Произнося эти самоотверженные слова, она очень похожа была на партизанку, остающуюся на верную смерть, чтобы прикрыть отход товарищей, у рубежа, к которому подтягивается крупное вражеское соединение.
– Ишь ты! – восхитился Погребняков и шмыгнул носом. – Зверь девка! Надо будет заняться твоим моральным обликом.
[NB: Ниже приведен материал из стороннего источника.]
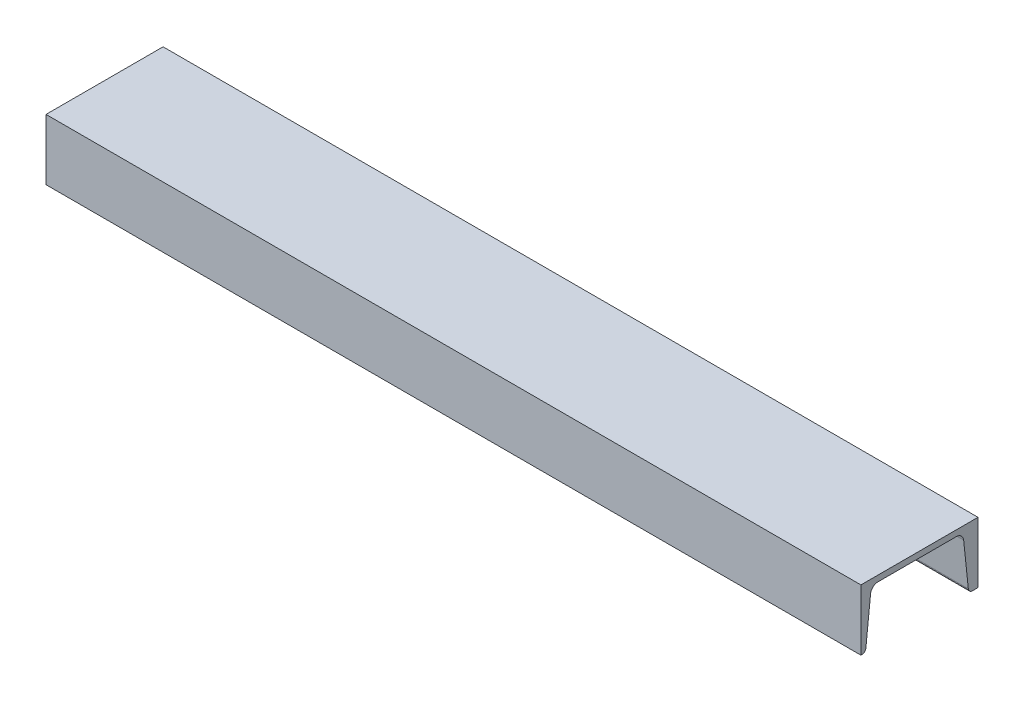
ISO-10303-21;
HEADER;
FILE_DESCRIPTION(('STEP AP214'),'2;1');
FILE_NAME('part.step','',(''),(''),'','','');
FILE_SCHEMA(('AUTOMOTIVE_DESIGN { 1 0 10303 214 1 1 1 1 }'));
ENDSEC;
DATA;
#1=APPLICATION_CONTEXT('core data for automotive mechanical design processes');
#2=APPLICATION_PROTOCOL_DEFINITION('international standard','automotive_design',2000,#1);
#3=PRODUCT_CONTEXT('',#1,'mechanical');
#4=PRODUCT('Part','Part','',(#3));
#5=PRODUCT_RELATED_PRODUCT_CATEGORY('part','',(#4));
#6=PRODUCT_DEFINITION_FORMATION('','',#4);
#7=PRODUCT_DEFINITION_CONTEXT('part definition',#1,'design');
#8=PRODUCT_DEFINITION('design','',#6,#7);
#9=PRODUCT_DEFINITION_SHAPE('','',#8);
#10=(LENGTH_UNIT() NAMED_UNIT(*) SI_UNIT(.MILLI.,.METRE.));
#11=(NAMED_UNIT(*) PLANE_ANGLE_UNIT() SI_UNIT($,.RADIAN.));
#12=(NAMED_UNIT(*) SI_UNIT($,.STERADIAN.) SOLID_ANGLE_UNIT());
#13=UNCERTAINTY_MEASURE_WITH_UNIT(LENGTH_MEASURE(1.E-05),#10,'distance_accuracy_value','');
#14=(GEOMETRIC_REPRESENTATION_CONTEXT(3) GLOBAL_UNCERTAINTY_ASSIGNED_CONTEXT((#13)) GLOBAL_UNIT_ASSIGNED_CONTEXT((#10,
#11,#12)) REPRESENTATION_CONTEXT('',''));
#15=CARTESIAN_POINT('',(0.,0.,0.));
#16=DIRECTION('',(0.,0.,1.));
#17=DIRECTION('',(1.,0.,0.));
#18=AXIS2_PLACEMENT_3D('',#15,#16,#17);
#19=CARTESIAN_POINT('',(-870.,-60.5000000000001,124.164669163818));
#20=DIRECTION('',(1.,0.,0.));
#21=DIRECTION('',(0.,1.,0.));
#22=AXIS2_PLACEMENT_3D('',#19,#20,#21);
#23=CYLINDRICAL_SURFACE('',#22,4.5);
#24=CARTESIAN_POINT('',(0.,-60.5,124.164669163818));
#25=DIRECTION('',(-1.,0.,0.));
#26=DIRECTION('',(0.,-1.,0.));
#27=AXIS2_PLACEMENT_3D('',#24,#25,#26);
#28=CIRCLE('',#27,4.5);
#29=CARTESIAN_POINT('',(0.,-60.9703780847044,119.689320634661));
#30=VERTEX_POINT('',#29);
#31=CARTESIAN_POINT('',(0.,-65.,124.164669163818));
#32=VERTEX_POINT('',#31);
#33=EDGE_CURVE('E198',#30,#32,#28,.T.);
#34=ORIENTED_EDGE('',*,*,#33,.T.);
#35=DIRECTION('',(1.,0.,0.));
#36=VECTOR('',#35,1.);
#37=CARTESIAN_POINT('',(-870.,-65.0000000000001,124.164669163818));
#38=LINE('',#37,#36);
#39=CARTESIAN_POINT('',(-870.,-65.0000000000001,124.164669163818));
#40=VERTEX_POINT('',#39);
#41=EDGE_CURVE('E13',#40,#32,#38,.T.);
#42=ORIENTED_EDGE('',*,*,#41,.F.);
#43=CARTESIAN_POINT('',(-870.,-60.5000000000001,124.164669163818));
#44=DIRECTION('',(-1.,0.,0.));
#45=DIRECTION('',(0.,-1.,0.));
#46=AXIS2_PLACEMENT_3D('',#43,#44,#45);
#47=CIRCLE('',#46,4.5);
#48=CARTESIAN_POINT('',(-870.,-60.9703780847045,119.689320634661));
#49=VERTEX_POINT('',#48);
#50=EDGE_CURVE('E220',#49,#40,#47,.T.);
#51=ORIENTED_EDGE('',*,*,#50,.F.);
#52=DIRECTION('',(1.,0.,0.));
#53=VECTOR('',#52,1.);
#54=CARTESIAN_POINT('',(-870.,-60.9703780847045,119.689320634661));
#55=LINE('',#54,#53);
#56=EDGE_CURVE('E194',#49,#30,#55,.T.);
#57=ORIENTED_EDGE('',*,*,#56,.T.);
#58=EDGE_LOOP('',(#34,#42,#51,#57));
#59=FACE_BOUND('',#58,.T.);
#60=ADVANCED_FACE('F78',(#59),#23,.T.);
#61=CARTESIAN_POINT('',(-870.,-65.0000000000001,125.));
#62=DIRECTION('',(0.,1.,0.));
#63=DIRECTION('',(-1.,0.,0.));
#64=AXIS2_PLACEMENT_3D('',#61,#62,#63);
#65=PLANE('',#64);
#66=DIRECTION('',(0.,0.,1.));
#67=VECTOR('',#66,1.);
#68=CARTESIAN_POINT('',(0.,-65.,125.));
#69=LINE('',#68,#67);
#70=CARTESIAN_POINT('',(0.,-65.,125.));
#71=VERTEX_POINT('',#70);
#72=EDGE_CURVE('E201',#32,#71,#69,.T.);
#73=ORIENTED_EDGE('',*,*,#72,.T.);
#74=DIRECTION('',(1.,0.,0.));
#75=VECTOR('',#74,1.);
#76=CARTESIAN_POINT('',(-870.,-65.0000000000001,125.));
#77=LINE('',#76,#75);
#78=CARTESIAN_POINT('',(-870.,-65.0000000000001,125.));
#79=VERTEX_POINT('',#78);
#80=EDGE_CURVE('E86',#79,#71,#77,.T.);
#81=ORIENTED_EDGE('',*,*,#80,.F.);
#82=DIRECTION('',(0.,0.,1.));
#83=VECTOR('',#82,1.);
#84=CARTESIAN_POINT('',(-870.,-65.0000000000001,125.));
#85=LINE('',#84,#83);
#86=EDGE_CURVE('E149',#40,#79,#85,.T.);
#87=ORIENTED_EDGE('',*,*,#86,.F.);
#88=ORIENTED_EDGE('',*,*,#41,.T.);
#89=EDGE_LOOP('',(#73,#81,#87,#88));
#90=FACE_BOUND('',#89,.T.);
#91=ADVANCED_FACE('F298',(#90),#65,.F.);
#92=CARTESIAN_POINT('',(-870.,-65.0000000000001,125.));
#93=DIRECTION('',(0.,0.,-1.));
#94=DIRECTION('',(0.,1.,0.));
#95=AXIS2_PLACEMENT_3D('',#92,#93,#94);
#96=PLANE('',#95);
#97=DIRECTION('',(0.,1.,0.));
#98=VECTOR('',#97,1.);
#99=CARTESIAN_POINT('',(0.,-65.,125.));
#100=LINE('',#99,#98);
#101=CARTESIAN_POINT('',(0.,0.,125.));
#102=VERTEX_POINT('',#101);
#103=EDGE_CURVE('E203',#71,#102,#100,.T.);
#104=ORIENTED_EDGE('',*,*,#103,.T.);
#105=DIRECTION('',(1.,0.,0.));
#106=VECTOR('',#105,1.);
#107=CARTESIAN_POINT('',(-870.,-1.05981336082281E-13,125.));
#108=LINE('',#107,#106);
#109=CARTESIAN_POINT('',(-870.,-1.05981336082281E-13,125.));
#110=VERTEX_POINT('',#109);
#111=EDGE_CURVE('E239',#110,#102,#108,.T.);
#112=ORIENTED_EDGE('',*,*,#111,.F.);
#113=DIRECTION('',(0.,1.,0.));
#114=VECTOR('',#113,1.);
#115=CARTESIAN_POINT('',(-870.,-65.0000000000001,125.));
#116=LINE('',#115,#114);
#117=EDGE_CURVE('E247',#79,#110,#116,.T.);
#118=ORIENTED_EDGE('',*,*,#117,.F.);
#119=ORIENTED_EDGE('',*,*,#80,.T.);
#120=EDGE_LOOP('',(#104,#112,#118,#119));
#121=FACE_BOUND('',#120,.T.);
#122=ADVANCED_FACE('F245',(#121),#96,.F.);
#123=CARTESIAN_POINT('',(-870.,-1.05981336082281E-13,125.));
#124=DIRECTION('',(0.,-1.,0.));
#125=DIRECTION('',(1.,0.,0.));
#126=AXIS2_PLACEMENT_3D('',#123,#124,#125);
#127=PLANE('',#126);
#128=DIRECTION('',(0.,0.,-1.));
#129=VECTOR('',#128,1.);
#130=CARTESIAN_POINT('',(0.,0.,125.));
#131=LINE('',#130,#129);
#132=CARTESIAN_POINT('',(0.,0.,0.));
#133=VERTEX_POINT('',#132);
#134=EDGE_CURVE('E205',#102,#133,#131,.T.);
#135=ORIENTED_EDGE('',*,*,#134,.T.);
#136=DIRECTION('',(1.,0.,0.));
#137=VECTOR('',#136,1.);
#138=CARTESIAN_POINT('',(-870.,-1.0654427152582E-13,0.));
#139=LINE('',#138,#137);
#140=CARTESIAN_POINT('',(-870.,-1.0654427152582E-13,0.));
#141=VERTEX_POINT('',#140);
#142=EDGE_CURVE('E236',#141,#133,#139,.T.);
#143=ORIENTED_EDGE('',*,*,#142,.F.);
#144=DIRECTION('',(0.,0.,-1.));
#145=VECTOR('',#144,1.);
#146=CARTESIAN_POINT('',(-870.,-1.05981336082281E-13,125.));
#147=LINE('',#146,#145);
#148=EDGE_CURVE('E265',#110,#141,#147,.T.);
#149=ORIENTED_EDGE('',*,*,#148,.F.);
#150=ORIENTED_EDGE('',*,*,#111,.T.);
#151=EDGE_LOOP('',(#135,#143,#149,#150));
#152=FACE_BOUND('',#151,.T.);
#153=ADVANCED_FACE('F256',(#152),#127,.F.);
#154=CARTESIAN_POINT('',(-870.,-65.0000000000001,0.));
#155=DIRECTION('',(0.,0.,1.));
#156=DIRECTION('',(0.,-1.,0.));
#157=AXIS2_PLACEMENT_3D('',#154,#155,#156);
#158=PLANE('',#157);
#159=DIRECTION('',(0.,-1.,0.));
#160=VECTOR('',#159,1.);
#161=CARTESIAN_POINT('',(0.,-65.,0.));
#162=LINE('',#161,#160);
#163=CARTESIAN_POINT('',(0.,-65.,0.));
#164=VERTEX_POINT('',#163);
#165=EDGE_CURVE('E207',#133,#164,#162,.T.);
#166=ORIENTED_EDGE('',*,*,#165,.T.);
#167=DIRECTION('',(1.,0.,0.));
#168=VECTOR('',#167,1.);
#169=CARTESIAN_POINT('',(-870.,-65.0000000000001,0.));
#170=LINE('',#169,#168);
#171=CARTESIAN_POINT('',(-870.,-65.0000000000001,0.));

– Идите, Леночка, – сказал Костылев, – идите в архив. Поищите там эти чертежи, надо дать заявку в светокопию, пусть отсинят {127} по пять экземпляров.
127
…надо дать заявку в светокопию, пусть отсинят… – Светокопия (синька) – примитивная множительная технология, применявшаяся в доксероксную и допринтерную эпоху. Бумагу покрывали раствором феррицитрата аммония и феррицианида калия, подкладывали под стекло, на котором лежала копия чертежа на кальке, и выдерживали в ярком свете. Проявляли светокопию, погружая в воду.
Лена молча взяла из протянутой руки Костылева листок с номерами чертежей и вышла, непреклонно подняв плечи.
– Чеши, чеши! – напутствовал ее Велимир Иванович, полыхая одеколоном «Кармен». – А ничего кадришка, а? – И он подмигнул Костылеву, отчего тот содрогнулся.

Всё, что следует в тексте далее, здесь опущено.